╭─ Dataset entries

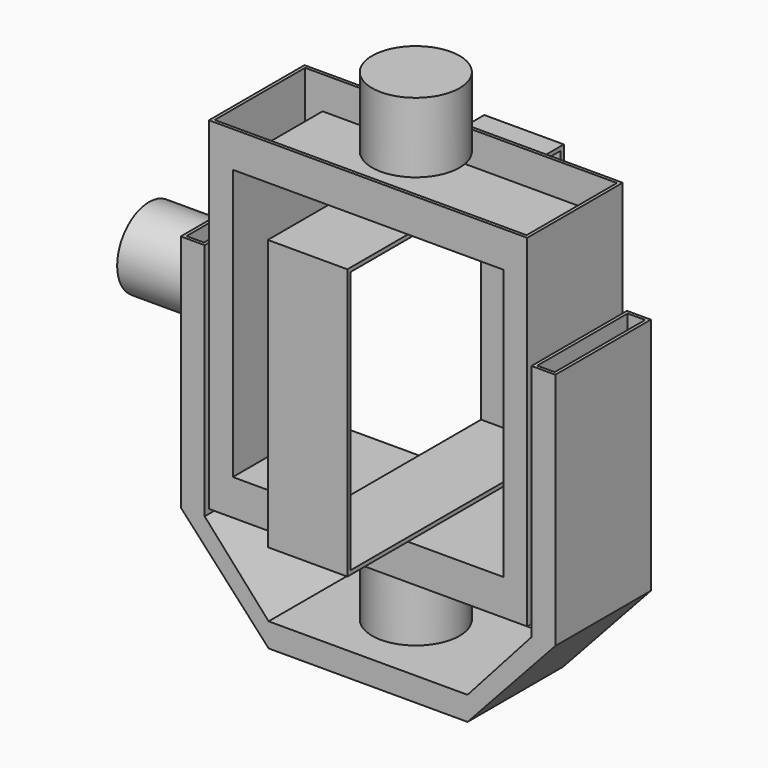
from build123d import *

# Parameters (mm, degrees)
F0_W      = 340
F0_H      = 340
F0_W_2    = 330
F0_H_2    = 330
F1_DEPTH  = 50
F2_W      = 400
F2_H      = 430
F2_W_2    = 340
F2_H_2    = 340
F3_DEPTH  = 75
F4_W      = 30
F4_H      = 300
F4_W_2    = 250
F4_H_2    = 30
F5_DEPTH  = 75
F6_T      = -4
F8_T      = -4
F7_R      = 50
F9_DEPTH  = 100
F10_R     = 55
F11_DEPTH = 88


# Not quite as in the source:
# - a pattern or mirror of a feature is missing from the dataset's text; its kind, count and spacing are read off the source's solid


with BuildPart() as f1:
    # F0 (on Right) → F1 (new body, symmetric)
    with BuildSketch(Plane.YZ):
        Rectangle(F0_W, F0_H)
        Rectangle(F0_W_2, F0_H_2, mode=Mode.SUBTRACT)
    extrude(amount=F1_DEPTH, both=True)


with BuildPart() as f3:
    # F2 (on Front) → F3 (new body, symmetric)
    with BuildSketch(Plane.XZ):
        Rectangle(F2_W, F2_H)
        Rectangle(F2_W_2, F2_H_2, mode=Mode.SUBTRACT)
    extrude(amount=F3_DEPTH, both=True)

    # F8
    f8_openings = [f3.faces().sort_by_distance(p)[0] for p in [
        (0, 0, 215),
    ]]
    offset(amount=F8_T, openings=f8_openings, kind=Kind.INTERSECTION)

    # F10 (on face) → F11 (join)
    with BuildSketch(Plane(origin=(0, 0, -215), x_dir=(1, 0, 0), z_dir=(0, 0, -1))):
        Circle(F10_R)
    f11 = extrude(amount=F11_DEPTH)

    # F11_copies: F11 across plane
    add(f11.mirror(Plane.XY))


with BuildPart() as f5:
    # F4 (on Front) → F5 (new body, symmetric)
    with BuildSketch(Plane.XZ):
        with Locations((-220.3749617156, -75)):
            Rectangle(F4_W, F4_H)
        Polygon((-205.3749617156, -225), (-235.3749617156, -225), (-125, -345), (-125, -315), align=None)
        with Locations((0, -330)):
            Rectangle(F4_W_2, F4_H_2)
        Polygon((125, -315), (125, -345), (235.3749617156, -225), (235.3749617156, 75), (205.3749617156, 75), (205.3749617156, -225), align=None)
    extrude(amount=F5_DEPTH, both=True)

    # F6
    f6_openings = [f5.faces().sort_by_distance(p)[0] for p in [
        (-220.374962, 0, 75),
        (220.374962, 0, 75),
    ]]
    offset(amount=F6_T, openings=f6_openings, kind=Kind.INTERSECTION)

    # F7 (on face) → F9 (join)
    with BuildSketch(Plane(origin=(-235.3749617156, 0, 0), x_dir=(0, -1, 0), z_dir=(-1, 0, 0))):
        Circle(F7_R)
    extrude(amount=F9_DEPTH)


solid = Compound([f1.part, f3.part, f5.part])

╰─

-- Your objective --
Any pictures above are to be left out. Retype the rest of the records exactly.

-- Answer space --
from build123d import *

# Parameters (mm, degrees)
F0_W      = 340
F0_H      = 340
F0_W_2    = 330
F0_H_2    = 330
F1_DEPTH  = 50
F2_W      = 400
F2_H      = 430
F2_W_2    = 340
F2_H_2    = 340
F3_DEPTH  = 75
F4_W      = 30
F4_H      = 300
F4_W_2    = 250
F4_H_2    = 30
F5_DEPTH  = 75
F6_T      = -4
F8_T      = -4
F7_R      = 50
F9_DEPTH  = 100
F10_R     = 55
F11_DEPTH = 88


# Not quite as in the source:
# - a pattern or mirror of a feature is missing from the dataset's text; its kind, count and spacing are read off the source's solid


with BuildPart() as f1:
    # F0 (on Right) → F1 (new body, symmetric)
    with BuildSketch(Plane.YZ):
        Rectangle(F0_W, F0_H)
        Rectangle(F0_W_2, F0_H_2, mode=Mode.SUBTRACT)
    extrude(amount=F1_DEPTH, both=True)


with BuildPart() as f3:
    # F2 (on Front) → F3 (new body, symmetric)
    with BuildSketch(Plane.XZ):
        Rectangle(F2_W, F2_H)
        Rectangle(F2_W_2, F2_H_2, mode=Mode.SUBTRACT)
    extrude(amount=F3_DEPTH, both=True)

    # F8
    f8_openings = [f3.faces().sort_by_distance(p)[0] for p in [
        (0, 0, 215),
    ]]
    offset(amount=F8_T, openings=f8_openings, kind=Kind.INTERSECTION)

    # F10 (on face) → F11 (join)
    with BuildSketch(Plane(origin=(0, 0, -215), x_dir=(1, 0, 0), z_dir=(0, 0, -1))):
        Circle(F10_R)
    f11 = extrude(amount=F11_DEPTH)

    # F11_copies: F11 across plane
    add(f11.mirror(Plane.XY))


with BuildPart() as f5:
    # F4 (on Front) → F5 (new body, symmetric)
    with BuildSketch(Plane.XZ):
        with Locations((-220.3749617156, -75)):
            Rectangle(F4_W, F4_H)
        Polygon((-205.3749617156, -225), (-235.3749617156, -225), (-125, -345), (-125, -315), align=None)
        with Locations((0, -330)):
            Rectangle(F4_W_2, F4_H_2)
        Polygon((125, -315), (125, -345), (235.3749617156, -225), (235.3749617156, 75), (205.3749617156, 75), (205.3749617156, -225), align=None)
    extrude(amount=F5_DEPTH, both=True)

    # F6
    f6_openings = [f5.faces().sort_by_distance(p)[0] for p in [
        (-220.374962, 0, 75),
        (220.374962, 0, 75),
    ]]
    offset(amount=F6_T, openings=f6_openings, kind=Kind.INTERSECTION)

    # F7 (on face) → F9 (join)
    with BuildSketch(Plane(origin=(-235.3749617156, 0, 0), x_dir=(0, -1, 0), z_dir=(-1, 0, 0))):
        Circle(F7_R)
    extrude(amount=F9_DEPTH)


solid = Compound([f1.part, f3.part, f5.part])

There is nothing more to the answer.